= Data for review =
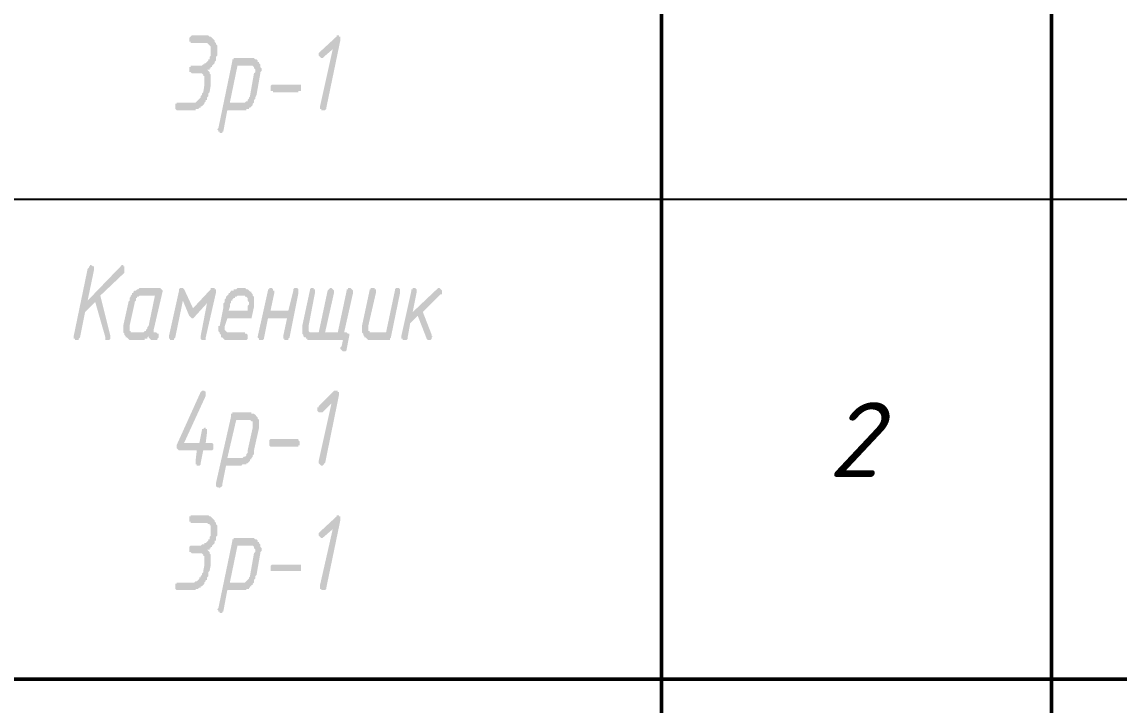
# Model space of a CAD drawing. Header units: millimetres. Extents: x 2279 to 5236, y 896 to 2828.
# Drawn here: x 5089.05 to 5125.62, y 1867.57 to 1890.35 of the extents above; entities that cross this region are included whole.
import ezdxf

# ---------------------------------------------------------------- set-up
doc = ezdxf.new("R2010")
doc.units = ezdxf.units.MM
doc.layers.add('PDF _!!ТОНКАЯ', color=7, linetype='Continuous')
doc.layers.add('PDF _Текст', color=7, linetype='Continuous')
doc.styles.add('PDF ISOCPEUR Italic', font='isocpeui.ttf')

msp = doc.modelspace()

# ---------------------------------------------------------------- hatches: boundary and pattern name
at = {"layer": 'PDF _!!ТОНКАЯ', "transparency": 33554559}
for points in [[(5095.218, 1888.763), (5095.26, 1888.72), (5095.26, 1888.72), (5095.303, 1888.678), (5095.303, 1888.678), (5095.303, 1888.636), (5095.345, 1888.593), (5095.345, 1888.551), (5095.345, 1888.509), (5095.345, 1888.466), (5095.345, 1888.424), (5095.345, 1888.424), (5095.345, 1888.382), (5095.345, 1888.339), (5095.345, 1888.297), (5095.345, 1888.255), (5095.303, 1888.001), (5095.26, 1887.958), (5095.26, 1887.958), (5095.26, 1887.916), (5095.26, 1887.874), (5095.218, 1887.831), (5095.218, 1887.789), (5095.218, 1887.747), (5095.176, 1887.747), (5095.176, 1887.704), (5095.133, 1887.662), (5095.133, 1887.662), (5095.133, 1887.62), (5095.091, 1887.577), (5095.091, 1887.577), (5095.049, 1887.535), (5095.006, 1887.535), (5095.006, 1887.493), (5094.964, 1887.493), (5094.964, 1887.493), (5094.922, 1887.45), (5094.922, 1887.45), (5094.879, 1887.45), (5094.837, 1887.45), (5094.837, 1887.408), (5094.795, 1887.408), (5094.752, 1887.408), (5094.752, 1887.408), (5094.71, 1887.408), (5094.668, 1887.408), (5094.625, 1887.408), (5094.625, 1887.408), (5094.244, 1887.408), (5094.202, 1887.408), (5094.202, 1887.408), (5094.16, 1887.45), (5094.16, 1887.45), (5094.16, 1887.493), (5094.16, 1887.535), (5094.16, 1887.577), (5094.16, 1887.577), (5094.16, 1887.62), (5094.202, 1887.62), (5094.202, 1887.662), (5094.244, 1887.662), (5094.668, 1887.662), (5094.71, 1887.662), (5094.752, 1887.662), (5094.795, 1887.662), (5094.795, 1887.662), (5094.837, 1887.662), (5094.879, 1887.704), (5094.879, 1887.704), (5094.922, 1887.747), (5094.922, 1887.747), (5094.964, 1887.789), (5094.964, 1887.789), (5095.006, 1887.831), (5095.006, 1887.874), (5095.049, 1887.916), (5095.049, 1887.916), (5095.049, 1887.958), (5095.091, 1888.001), (5095.091, 1888.001), (5095.133, 1888.255), (5095.133, 1888.297), (5095.133, 1888.339), (5095.133, 1888.382), (5095.133, 1888.424), (5095.133, 1888.466), (5095.133, 1888.466), (5095.133, 1888.509), (5095.133, 1888.551), (5095.091, 1888.551), (5095.091, 1888.593), (5095.091, 1888.593), (5095.049, 1888.636), (5095.006, 1888.636), (5095.006, 1888.636), (5094.964, 1888.636), (5094.922, 1888.636), (5094.922, 1888.636), (5094.71, 1888.636), (5094.71, 1888.636), (5094.668, 1888.678), (5094.625, 1888.678), (5094.625, 1888.72), (5094.625, 1888.72), (5094.625, 1888.763), (5094.625, 1888.805), (5094.625, 1888.847), (5094.668, 1888.847), (5094.668, 1888.89), (5094.71, 1888.89), (5094.71, 1888.89), (5094.964, 1888.89), (5095.006, 1888.89), (5095.006, 1888.89), (5095.049, 1888.89), (5095.091, 1888.932), (5095.091, 1888.932), (5095.133, 1888.932), (5095.133, 1888.974), (5095.176, 1888.974), (5095.218, 1889.017), (5095.218, 1889.017), (5095.26, 1889.059), (5095.26, 1889.101), (5095.303, 1889.101), (5095.303, 1889.144), (5095.303, 1889.186), (5095.345, 1889.228), (5095.345, 1889.228), (5095.345, 1889.271), (5095.345, 1889.313), (5095.345, 1889.355), (5095.345, 1889.398), (5095.345, 1889.44), (5095.345, 1889.44), (5095.345, 1889.482), (5095.345, 1889.525), (5095.345, 1889.525), (5095.303, 1889.567), (5095.303, 1889.567), (5095.26, 1889.609), (5095.26, 1889.609), (5095.218, 1889.652), (5095.176, 1889.652), (5095.176, 1889.652), (5095.133, 1889.652), (5095.133, 1889.652), (5094.71, 1889.652), (5094.71, 1889.652), (5094.668, 1889.652), (5094.668, 1889.694), (5094.625, 1889.694), (5094.625, 1889.736), (5094.625, 1889.779), (5094.625, 1889.821), (5094.625, 1889.821), (5094.668, 1889.863), (5094.668, 1889.863), (5094.71, 1889.906), (5094.71, 1889.906), (5095.176, 1889.906), (5095.218, 1889.906), (5095.218, 1889.906), (5095.26, 1889.906), (5095.303, 1889.863), (5095.303, 1889.863), (5095.345, 1889.863), (5095.387, 1889.821), (5095.387, 1889.821), (5095.43, 1889.779), (5095.43, 1889.779), (5095.472, 1889.736), (5095.472, 1889.736), (5095.472, 1889.694), (5095.514, 1889.652), (5095.514, 1889.652), (5095.514, 1889.609), (5095.557, 1889.567), (5095.557, 1889.525), (5095.557, 1889.482), (5095.557, 1889.44), (5095.557, 1889.398), (5095.557, 1889.398), (5095.557, 1889.355), (5095.557, 1889.313), (5095.557, 1889.271), (5095.557, 1889.271), (5095.557, 1889.228), (5095.514, 1889.186), (5095.514, 1889.144), (5095.514, 1889.101), (5095.514, 1889.059), (5095.472, 1889.017), (5095.472, 1889.017), (5095.472, 1888.974), (5095.43, 1888.932), (5095.43, 1888.932), (5095.387, 1888.89), (5095.387, 1888.847), (5095.345, 1888.847), (5095.345, 1888.805), (5095.303, 1888.805), (5095.303, 1888.763), (5095.26, 1888.763), (5095.26, 1888.763), (5095.218, 1888.763)], [(5099.409, 1889.44), (5099.113, 1889.186), (5099.07, 1889.144), (5099.07, 1889.144), (5099.028, 1889.144), (5099.028, 1889.144), (5098.986, 1889.186), (5098.986, 1889.186), (5098.943, 1889.228), (5098.943, 1889.271), (5098.943, 1889.271), (5098.943, 1889.313), (5098.986, 1889.355), (5098.986, 1889.355), (5099.536, 1889.863), (5099.536, 1889.906), (5099.578, 1889.906), (5099.578, 1889.906), (5099.621, 1889.906), (5099.621, 1889.863), (5099.663, 1889.863), (5099.663, 1889.821), (5099.663, 1889.821), (5099.663, 1889.779), (5099.663, 1889.736), (5099.663, 1889.736), (5099.197, 1887.493), (5099.197, 1887.45), (5099.155, 1887.408), (5099.155, 1887.408), (5099.113, 1887.408), (5099.113, 1887.408), (5099.07, 1887.408), (5099.028, 1887.408), (5099.028, 1887.45), (5098.986, 1887.45), (5098.986, 1887.493), (5098.986, 1887.535), (5098.986, 1887.535), (5098.986, 1887.535)], [(5098.266, 1888.001), (5097.419, 1888.001), (5097.419, 1888.043), (5097.377, 1888.043), (5097.335, 1888.043), (5097.335, 1888.085), (5097.335, 1888.128), (5097.335, 1888.128), (5097.335, 1888.17), (5097.335, 1888.212), (5097.377, 1888.255), (5097.377, 1888.255), (5097.419, 1888.255), (5097.419, 1888.255), (5098.266, 1888.255), (5098.308, 1888.255), (5098.308, 1888.255), (5098.351, 1888.255), (5098.351, 1888.212), (5098.351, 1888.17), (5098.351, 1888.128), (5098.351, 1888.128), (5098.351, 1888.085), (5098.351, 1888.043), (5098.308, 1888.043), (5098.266, 1888.043), (5098.266, 1888.001)], [(5091.492, 1881.015), (5091.154, 1880.677), (5090.984, 1879.83), (5090.942, 1879.788), (5090.942, 1879.745), (5090.9, 1879.745), (5090.9, 1879.745), (5090.857, 1879.745), (5090.857, 1879.745), (5090.815, 1879.745), (5090.815, 1879.788), (5090.773, 1879.788), (5090.773, 1879.83), (5090.773, 1879.83), (5090.773, 1879.872), (5090.773, 1879.872), (5091.238, 1882.116), (5091.281, 1882.158), (5091.281, 1882.201), (5091.323, 1882.201), (5091.323, 1882.243), (5091.365, 1882.243), (5091.365, 1882.243), (5091.408, 1882.201), (5091.45, 1882.201), (5091.45, 1882.158), (5091.45, 1882.158), (5091.45, 1882.116), (5091.45, 1882.074), (5091.45, 1882.074), (5091.238, 1881.058), (5092.339, 1882.201), (5092.339, 1882.201), (5092.381, 1882.243), (5092.381, 1882.243), (5092.424, 1882.243), (5092.424, 1882.201), (5092.466, 1882.201), (5092.466, 1882.158), (5092.466, 1882.158), (5092.466, 1882.116), (5092.466, 1882.074), (5092.466, 1882.031), (5092.466, 1881.989), (5091.662, 1881.227), (5092, 1879.872), (5092, 1879.872), (5092, 1879.872), (5092, 1879.83), (5092, 1879.788), (5091.958, 1879.745), (5091.958, 1879.745), (5091.916, 1879.745), (5091.916, 1879.745), (5091.873, 1879.745), (5091.831, 1879.745), (5091.831, 1879.788), (5091.831, 1879.788), (5091.831, 1879.83)], [(5095.218, 1880.973), (5094.795, 1880.507), (5094.795, 1880.507), (5094.752, 1880.465), (5094.71, 1880.465), (5094.71, 1880.465), (5094.668, 1880.507), (5094.668, 1880.507), (5094.625, 1880.55), (5094.414, 1881.058), (5094.16, 1879.83), (5094.117, 1879.788), (5094.117, 1879.745), (5094.117, 1879.745), (5094.075, 1879.745), (5094.033, 1879.745), (5094.033, 1879.745), (5093.99, 1879.745), (5093.99, 1879.788), (5093.948, 1879.788), (5093.948, 1879.83), (5093.948, 1879.83), (5093.948, 1879.872), (5093.948, 1879.872), (5094.287, 1881.396), (5094.287, 1881.439), (5094.287, 1881.439), (5094.329, 1881.481), (5094.371, 1881.481), (5094.371, 1881.481), (5094.414, 1881.481), (5094.414, 1881.481), (5094.456, 1881.439), (5094.456, 1881.439), (5094.752, 1880.804), (5095.345, 1881.439), (5095.345, 1881.481), (5095.387, 1881.481), (5095.387, 1881.481), (5095.43, 1881.481), (5095.472, 1881.481), (5095.472, 1881.439), (5095.514, 1881.439), (5095.514, 1881.396), (5095.514, 1881.354), (5095.514, 1881.312), (5095.514, 1881.312), (5095.176, 1879.83), (5095.176, 1879.788), (5095.176, 1879.745), (5095.133, 1879.745), (5095.091, 1879.745), (5095.091, 1879.745), (5095.049, 1879.745), (5095.049, 1879.745), (5095.006, 1879.788), (5095.006, 1879.788), (5095.006, 1879.83), (5095.006, 1879.83), (5095.006, 1879.872), (5095.006, 1879.872)], [(5097.885, 1880.465), (5097.25, 1880.465), (5097.123, 1879.83), (5097.123, 1879.788), (5097.081, 1879.745), (5097.081, 1879.745), (5097.038, 1879.745), (5097.038, 1879.745), (5096.996, 1879.745), (5096.954, 1879.745), (5096.954, 1879.788), (5096.954, 1879.788), (5096.911, 1879.83), (5096.911, 1879.83), (5096.911, 1879.872), (5096.911, 1879.872), (5097.25, 1881.396), (5097.25, 1881.439), (5097.292, 1881.439), (5097.292, 1881.481), (5097.335, 1881.481), (5097.335, 1881.481), (5097.377, 1881.481), (5097.419, 1881.439), (5097.419, 1881.439), (5097.419, 1881.396), (5097.462, 1881.396), (5097.462, 1881.354), (5097.462, 1881.312), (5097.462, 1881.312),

= Task prompt =
Give the number of lines in the listing that hold the word "units", with no other words.

= Answer section =
2